-
Notifications
You must be signed in to change notification settings - Fork 42
CSEv1Encryption
With the CSEv1 encryption, each property which is marked as encrypted in the api reference is encrypted separately. CSEv1 encryption is used for Passwords, Folders and Tags.
The standard implementation of the CSEv1 encryption can be found in the passwords-client package.
| Object | Encrypted Properties |
|---|---|
| Password |
url, label, notes, password, username, customFields
|
| Folder | label |
| Tag |
label, color
|
Decrypting and encrypting CSEv1r1 encrypted objects requires the CSEv1 keychain.
The property cseKey stores the uuid of the key which was used to encrypt the object.
If this no key with this uuid in the keychain, the object can not be decrypted.
Note: The key is the same for every value in the same object, but the nonce is of course different for each value.
The encrypted values are stored as hexadecimal encoded strings and need to be decoded before they can be decrypted.
Important: Prior to Passwords 2020.2.0 the encrypted value string was encoded with base64. Users who set up CSE before the official release may have objects with base64 encoded values which should be taken into account.
Before the decoded value of any property can be decrypted, it needs to be split into the nonce and the cipher text.
The nonce are the first crypto_secretbox_NONCEBYTES bytes of the keychain string.
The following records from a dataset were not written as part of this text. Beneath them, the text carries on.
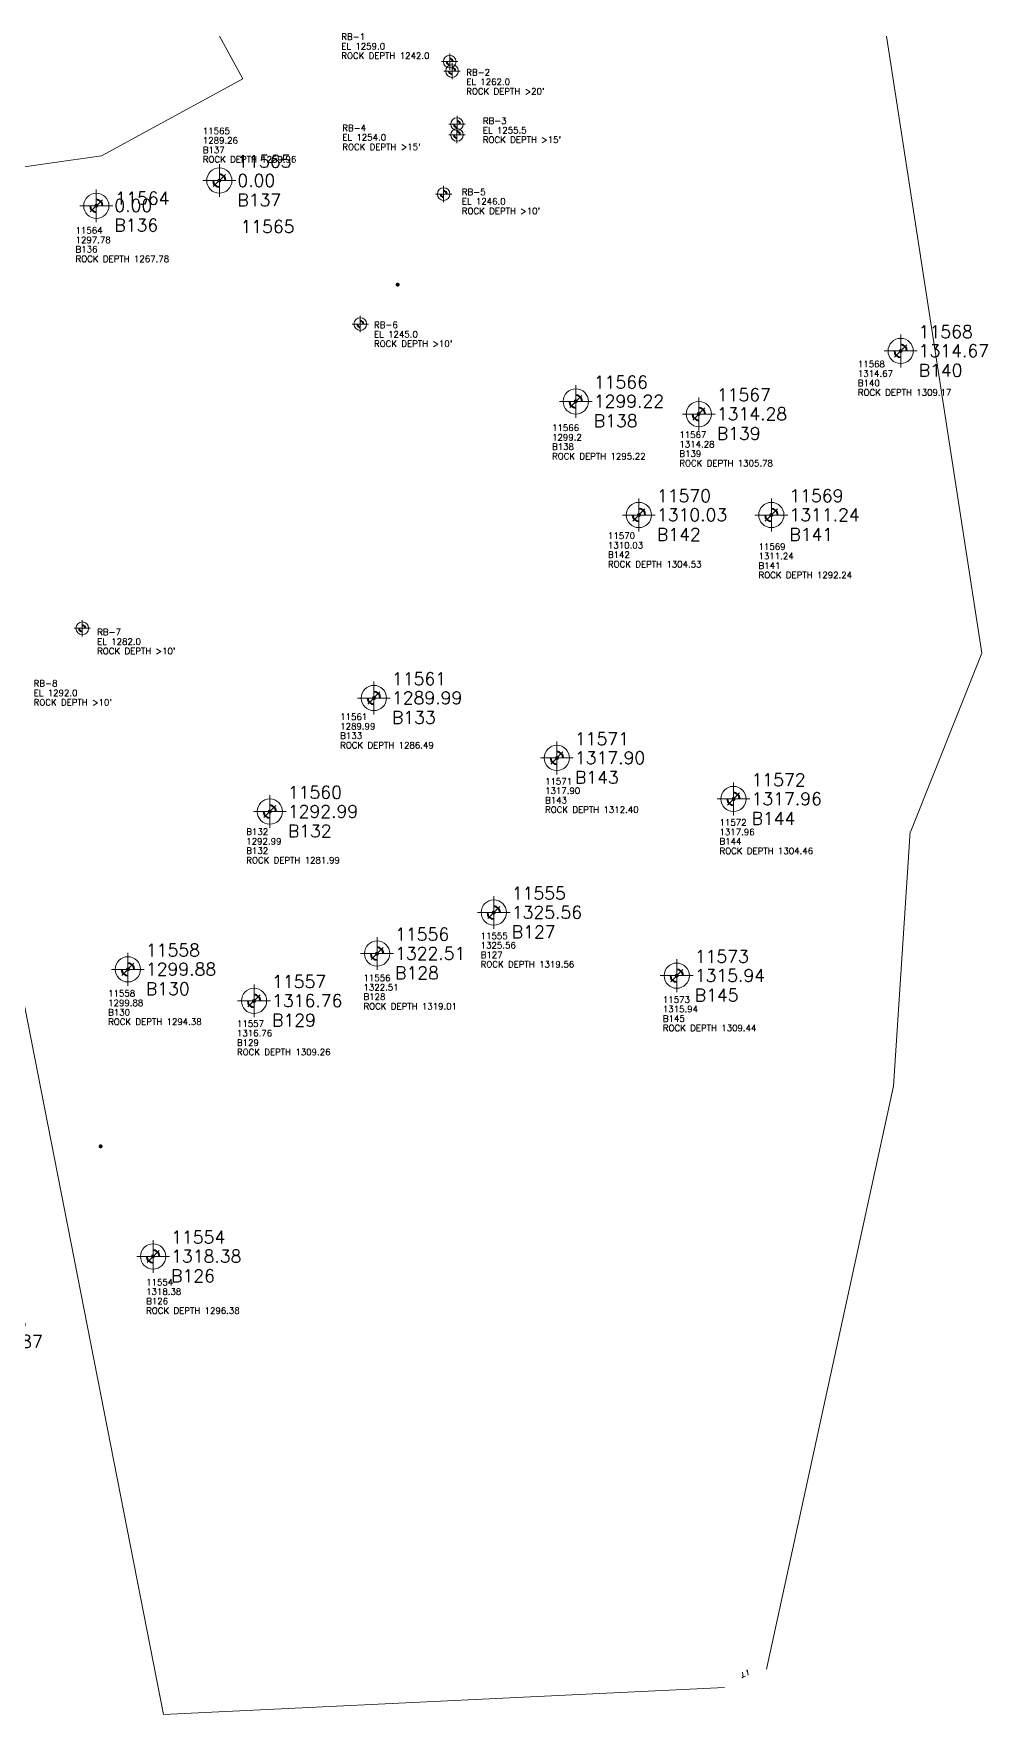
# Model space of a CAD drawing. Header units: metres. Extents: x 11336499 to 11339752, y 6750829 to 6753493.
# Drawn here: x 11338241 to 11339752, y 6750829 to 6753493 of the extents above; entities that cross this region are included whole.
import ezdxf

# ---------------------------------------------------------------- set-up
doc = ezdxf.new("R2010")
doc.units = ezdxf.units.M
doc.header["$MEASUREMENT"] = 0
for name, color, linetype, lineweight in [('Level 12', 7, 'Continuous', 5), ('Level 13', 7, 'Continuous', 5), ('Level 30', 7, 'Continuous', 5), ('Level 31', 7, 'Continuous', 5), ('Level 31 (Construction)', 7, 'Continuous', 5), ('Level 5', 7, 'Continuous', 5), ('Level 54', 7, 'Continuous', 5), ('Level 7', 7, 'Continuous', 5), ('Level 8', 7, 'Continuous', 5)]:
    doc.layers.add(name, color=color, linetype=linetype, lineweight=lineweight)
doc.styles.add('Style-romans', font='romans.shx')
doc.styles.add('Style-romans I 0.26180', font='romans.shx', dxfattribs={"oblique": 15})

# ---------------------------------------------------------------- blocks, each defined once
blk = doc.blocks.new('POINT0')
at = {"layer": 'Level 7', "color": 7, "linetype": 'Continuous', "lineweight": 5}
blk.add_line((-0.04, -0.04), (0.04, 0.04), dxfattribs=at)
blk.add_line((-0.04, -0.04), (0.04, 0.04), dxfattribs=at)
at = {"layer": 'Level 13', "color": 7, "linetype": 'Continuous', "lineweight": 5, "style": 'Style-romans'}
blk.add_attdef('elev', (0, 0), '', height=0.0833, dxfattribs=at)
at = {"layer": 'Level 30', "color": 7, "linetype": 'Continuous', "lineweight": 5, "style": 'Style-romans'}
for tag in ['desc', 'desc', 'desc', 'point', 'point']:
    blk.add_attdef(tag, (0, 0), '', height=0.0833, dxfattribs=at)
blk = doc.blocks.new('BM0')
at = {"layer": 'Level 8', "color": 1, "linetype": 'Continuous', "lineweight": 5}
for p, q in [((-0.13, 0), (0.13, 0)), ((0, -0.13), (0, 0.13))]:
    blk.add_line(p, q, dxfattribs=at)
blk.add_circle((0, 0), 0.1, dxfattribs=at)
at = {"layer": 'Level 8', "color": 1, "linetype": 'Continuous', "lineweight": 40}
for start, end in [(180, 270), (0, 90)]:
    blk.add_arc((0, 0), 0.05, start, end, dxfattribs=at)
blk = doc.blocks.new('POINT0_3')
at = {"layer": 'Level 7', "color": 7, "linetype": 'Continuous', "lineweight": 5}
blk.add_line((-0.04, -0.04), (0.04, 0.04), dxfattribs=at)
blk.add_line((-0.04, -0.04), (0.04, 0.04), dxfattribs=at)
at = {"layer": 'Level 13', "color": 7, "linetype": 'Continuous', "lineweight": 5, "style": 'Style-romans'}
blk.add_attdef('elev', (0, 0), '', height=0.0833, dxfattribs=at)
at = {"layer": 'Level 30', "color": 7, "linetype": 'Continuous', "lineweight": 5, "style": 'Style-romans'}
for tag in ['desc', 'desc', 'desc', 'point', 'point']:
    blk.add_attdef(tag, (0, 0), '', height=0.0833, dxfattribs=at)
blk = doc.blocks.new('POINT0_4')
at = {"layer": 'Level 7', "color": 7, "linetype": 'Continuous', "lineweight": 5}
blk.add_line((-0.04, -0.04), (0.04, 0.04), dxfattribs=at)
blk.add_line((-0.04, -0.04), (0.04, 0.04), dxfattribs=at)
at = {"layer": 'Level 13', "color": 7, "linetype": 'Continuous', "lineweight": 5, "style": 'Style-romans'}
blk.add_attdef('elev', (0, 0), '', height=0.0833, dxfattribs=at)
at = {"layer": 'Level 30', "color": 7, "linetype": 'Continuous', "lineweight": 5, "style": 'Style-romans'}
for tag in ['desc', 'desc', 'desc', 'point', 'point']:
    blk.add_attdef(tag, (0, 0), '', height=0.0833, dxfattribs=at)
blk = doc.blocks.new('LIN_NU')
at = {"layer": 'Level 31 (Construction)', "color": 7, "linetype": 'Continuous', "lineweight": 5}
blk.add_point((0, 0), dxfattribs=at)
at = {"layer": 'Level 5', "color": 4, "linetype": 'Continuous', "lineweight": 5, "style": 'Style-romans I 0.26180', "oblique": 15, "flags": 1}
for tag in ['linbrg', 'linbrg', 'linlen', 'linlen', 'linlen']:
    blk.add_attdef(tag, (0, 0), '', height=0.0000198, rotation=360, dxfattribs=at)
at = {"layer": 'Level 5', "color": 4, "linetype": 'Continuous', "lineweight": 5, "style": 'Style-romans I 0.26180', "oblique": 15}
blk.add_attdef('linnum', (0, 0), '', height=0.0833, rotation=360, dxfattribs=at)

msp = doc.modelspace()

# ---------------------------------------------------------------- linework, layer by layer
at = {"layer": 'Level 5', "color": 4, "linetype": 'Continuous', "lineweight": 5}
for p, q in [((11338572.3393, 6753421.1068), (11338535.4086, 6753488.8037)), ((11339743.4628, 6752510.891), (11339592.5353, 6753488.8037)), ((11338347.9367, 6753299.1116), (11338572.3393, 6753421.1068)), ((11337942.0958, 6753241.8543), (11338347.9367, 6753299.1116)), ((11339743.4628, 6752510.891), (11339630.8198, 6752229.137)), ((11339603.3732, 6751824.9932), (11339629.8224, 6752228.6025)), ((11338446.3957, 6750829.2656), (11338221.1544, 6751976.8398)), ((11339603.3732, 6751824.9932), (11339402.2622, 6750901.0734)), ((11339335.8045, 6750871.6967), (11338446.4151, 6750829.2846))]:
    msp.add_line(p, q, dxfattribs=at)
at = {"layer": 'Level 54', "color": 2, "linetype": 'Continuous', "lineweight": 140}
for p in [(11338535, 6753260, 1259.96), (11338340, 6753220, 1267.78), (11339615, 6752990, 1309.17), (11339100, 6752910, 1295.22), (11339295, 6752890, 1305.78), (11339200, 6752730, 1304.53), (11339410, 6752730, 1292.24), (11338780, 6752440, 1286.49), (11339070, 6752345, 1312.4), (11339350, 6752280, 1304.46), (11338615, 6752260, 1281.99), (11338970, 6752100, 1319.56), (11338785, 6752035, 1319.01), (11338390, 6752010, 1294.38), (11339260, 6752000, 1309.44), (11338590, 6751960, 1309.26), (11338430, 6751555, 1296.38)]:
    msp.add_point(p, dxfattribs=at)
at = {"layer": 'Level 54', "color": 2, "linetype": 'Continuous', "lineweight": 211}
for p in [(11338817.6449, 6753095.2064), (11338347.0632, 6751729.5297), (11338347.0632, 6751729.5297)]:
    msp.add_point(p, dxfattribs=at)

# ---------------------------------------------------------------- block references
at = {"layer": 'Level 31', "color": 7, "linetype": 'Continuous', "lineweight": 5, "xscale": 96.0384171214633, "yscale": 96.0384171214633, "zscale": 96.0384171214633, "rotation": 23.84712496822024}
msp.add_blockref('LIN_NU', (11339364.2473, 6750887.6861), dxfattribs=at).add_auto_attribs({'linnum': 'L1'})
at = {"layer": 'Level 7', "color": 7, "linetype": 'Continuous', "lineweight": 5}
ref = msp.add_blockref('POINT0_3', (11338535, 6753260, 1289.26), dxfattribs=dict(at, xscale=240, yscale=240, zscale=240))
ref.add_attrib('elev', '0.00', (11338563.5804, 6753250.3259, 1289.26), dxfattribs={"layer": 'Level 13', "color": 7, "linetype": 'Continuous', "lineweight": 5, "height": 19.9999, "style": 'Style-romans'})
ref.add_attrib('point', '11565', (11338568.5014, 6753177.0908, 1289.26), dxfattribs={"layer": 'Level 30', "color": 7, "linetype": 'Continuous', "lineweight": 5, "height": 19.9999, "style": 'Style-romans'})
ref.add_attrib('point', '11565', (11338563.5804, 6753280.5191, 1289.26), dxfattribs={"layer": 'Level 30', "color": 7, "linetype": 'Continuous', "lineweight": 5, "height": 19.9999, "style": 'Style-romans'})
ref.add_attrib('desc', 'B137', (11338563.5804, 6753219.2533, 1289.26), dxfattribs={"layer": 'Level 30', "color": 7, "linetype": 'Continuous', "lineweight": 5, "height": 19.9999, "style": 'Style-romans'})
ref.add_attrib('desc', 'B137', (11338563.5804, 6753219.2533, 1289.26), dxfattribs={"layer": 'Level 30', "color": 7, "linetype": 'Continuous', "lineweight": 5, "height": 19.9999, "style": 'Style-romans'})
ref.add_attrib('desc', 'B137', (11338563.5804, 6753219.2533, 1289.26), dxfattribs={"layer": 'Level 30', "color": 7, "linetype": 'Continuous', "lineweight": 5, "height": 19.9999, "style": 'Style-romans'})
ref = msp.add_blockref('POINT0_4', (11338340, 6753220, 1297.78), dxfattribs=dict(at, xscale=240, yscale=240, zscale=240))
ref.add_attrib('elev', '0.00', (11338368.5804, 6753210.3259, 1297.78), dxfattribs={"layer": 'Level 13', "color": 7, "linetype": 'Continuous', "lineweight": 5, "height": 19.9999, "style": 'Style-romans'})
ref.add_attrib('point', '11564', (11338370.1764, 6753221.9385, 1297.78), dxfattribs={"layer": 'Level 30', "color": 7, "linetype": 'Continuous', "lineweight": 5, "height": 19.9999, "style": 'Style-romans'})
ref.add_attrib('point', '11564', (11338370.1764, 6753221.9385, 1297.78), dxfattribs={"layer": 'Level 30', "color": 7, "linetype": 'Continuous', "lineweight": 5, "height": 19.9999, "style": 'Style-romans'})
ref.add_attrib('desc', 'B136', (11338368.5804, 6753179.2533, 1297.78), dxfattribs={"layer": 'Level 30', "color": 7, "linetype": 'Continuous', "lineweight": 5, "height": 19.9999, "style": 'Style-romans'})
ref.add_attrib('desc', 'B136', (11338368.5804, 6753179.2533, 1297.78), dxfattribs={"layer": 'Level 30', "color": 7, "linetype": 'Continuous', "lineweight": 5, "height": 19.9999, "style": 'Style-romans'})
ref.add_attrib('desc', 'B136', (11338368.5804, 6753179.2533, 1297.78), dxfattribs={"layer": 'Level 30', "color": 7, "linetype": 'Continuous', "lineweight": 5, "height": 19.9999, "style": 'Style-romans'})
ref = msp.add_blockref('POINT0', (11339615, 6752990, 1314.67), dxfattribs=dict(at, xscale=240, yscale=240, zscale=240))
ref.add_attrib('elev', '1314.67', (11339643.5804, 6752980.3259, 1314.67), dxfattribs={"layer": 'Level 13', "color": 7, "linetype": 'Continuous', "lineweight": 5, "height": 19.9999, "style": 'Style-romans'})
ref.add_attrib('point', '11568', (11339643.5804, 6753010.5191, 1314.67), dxfattribs={"layer": 'Level 30', "color": 7, "linetype": 'Continuous', "lineweight": 5, "height": 19.9999, "style": 'Style-romans'})
ref.add_attrib('point', '11568', (11339643.5804, 6753010.5191, 1314.67), dxfattribs={"layer": 'Level 30', "color": 7, "linetype": 'Continuous', "lineweight": 5, "height": 19.9999, "style": 'Style-romans'})
ref.add_attrib('desc', 'B140', (11339643.5804, 6752949.2533, 1314.67), dxfattribs={"layer": 'Level 30', "color": 7, "linetype": 'Continuous', "lineweight": 5, "height": 19.9999, "style": 'Style-romans'})
ref.add_attrib('desc', 'B140', (11339643.5804, 6752949.2533, 1314.67), dxfattribs={"layer": 'Level 30', "color": 7, "linetype": 'Continuous', "lineweight": 5, "height": 19.9999, "style": 'Style-romans'})
ref.add_attrib('desc', 'B140', (11339643.5804, 6752949.2533, 1314.67), dxfattribs={"layer": 'Level 30', "color": 7, "linetype": 'Continuous', "lineweight": 5, "height": 19.9999, "style": 'Style-romans'})
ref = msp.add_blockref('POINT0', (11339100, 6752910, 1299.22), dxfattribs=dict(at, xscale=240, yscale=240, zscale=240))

The cipher text comes after the first crypto_secretbox_NONCEBYTES bytes.
With the cipher text, the nonce and the key, crypto_secretbox_open_easy can be used to decrypt the value.
The cipher text is used for c, the nonce is n and key is k.
The result is the plain text value for the property of the object.
To encrypt an object, the current encryption key needs to be fetched from the keychain.
Note: It is not necessary or intended to create a new key for every object that is encrypted. This will only increase the size of the keychain and does not improve security at all since all keys are encrypted with the same master password.
Before a value of any property can be encrypted, a nonce with the length of crypto_secretbox_NONCEBYTES with random data needs to be created.
Libsodium provides the function randombytes_buf to generate secure random data.
Important: Always generate a new nonce when encrypting a value and never re-use a previously used nonce.
With the value, the nonce and the key, crypto_secretbox_easy can be used to encrypt the value.
The value is used for m, the nonce is n and encryption key is k.
Then, the nonce is prepended to the encrypted value.
(Encrypted Value = nonce + value)
Finally, the resulting string is encoded as hexadecimal string.
After encrypting the object, the property cseType has to be set to "CSEv1r1" and the property cseKey to the uuid of the used encryption key.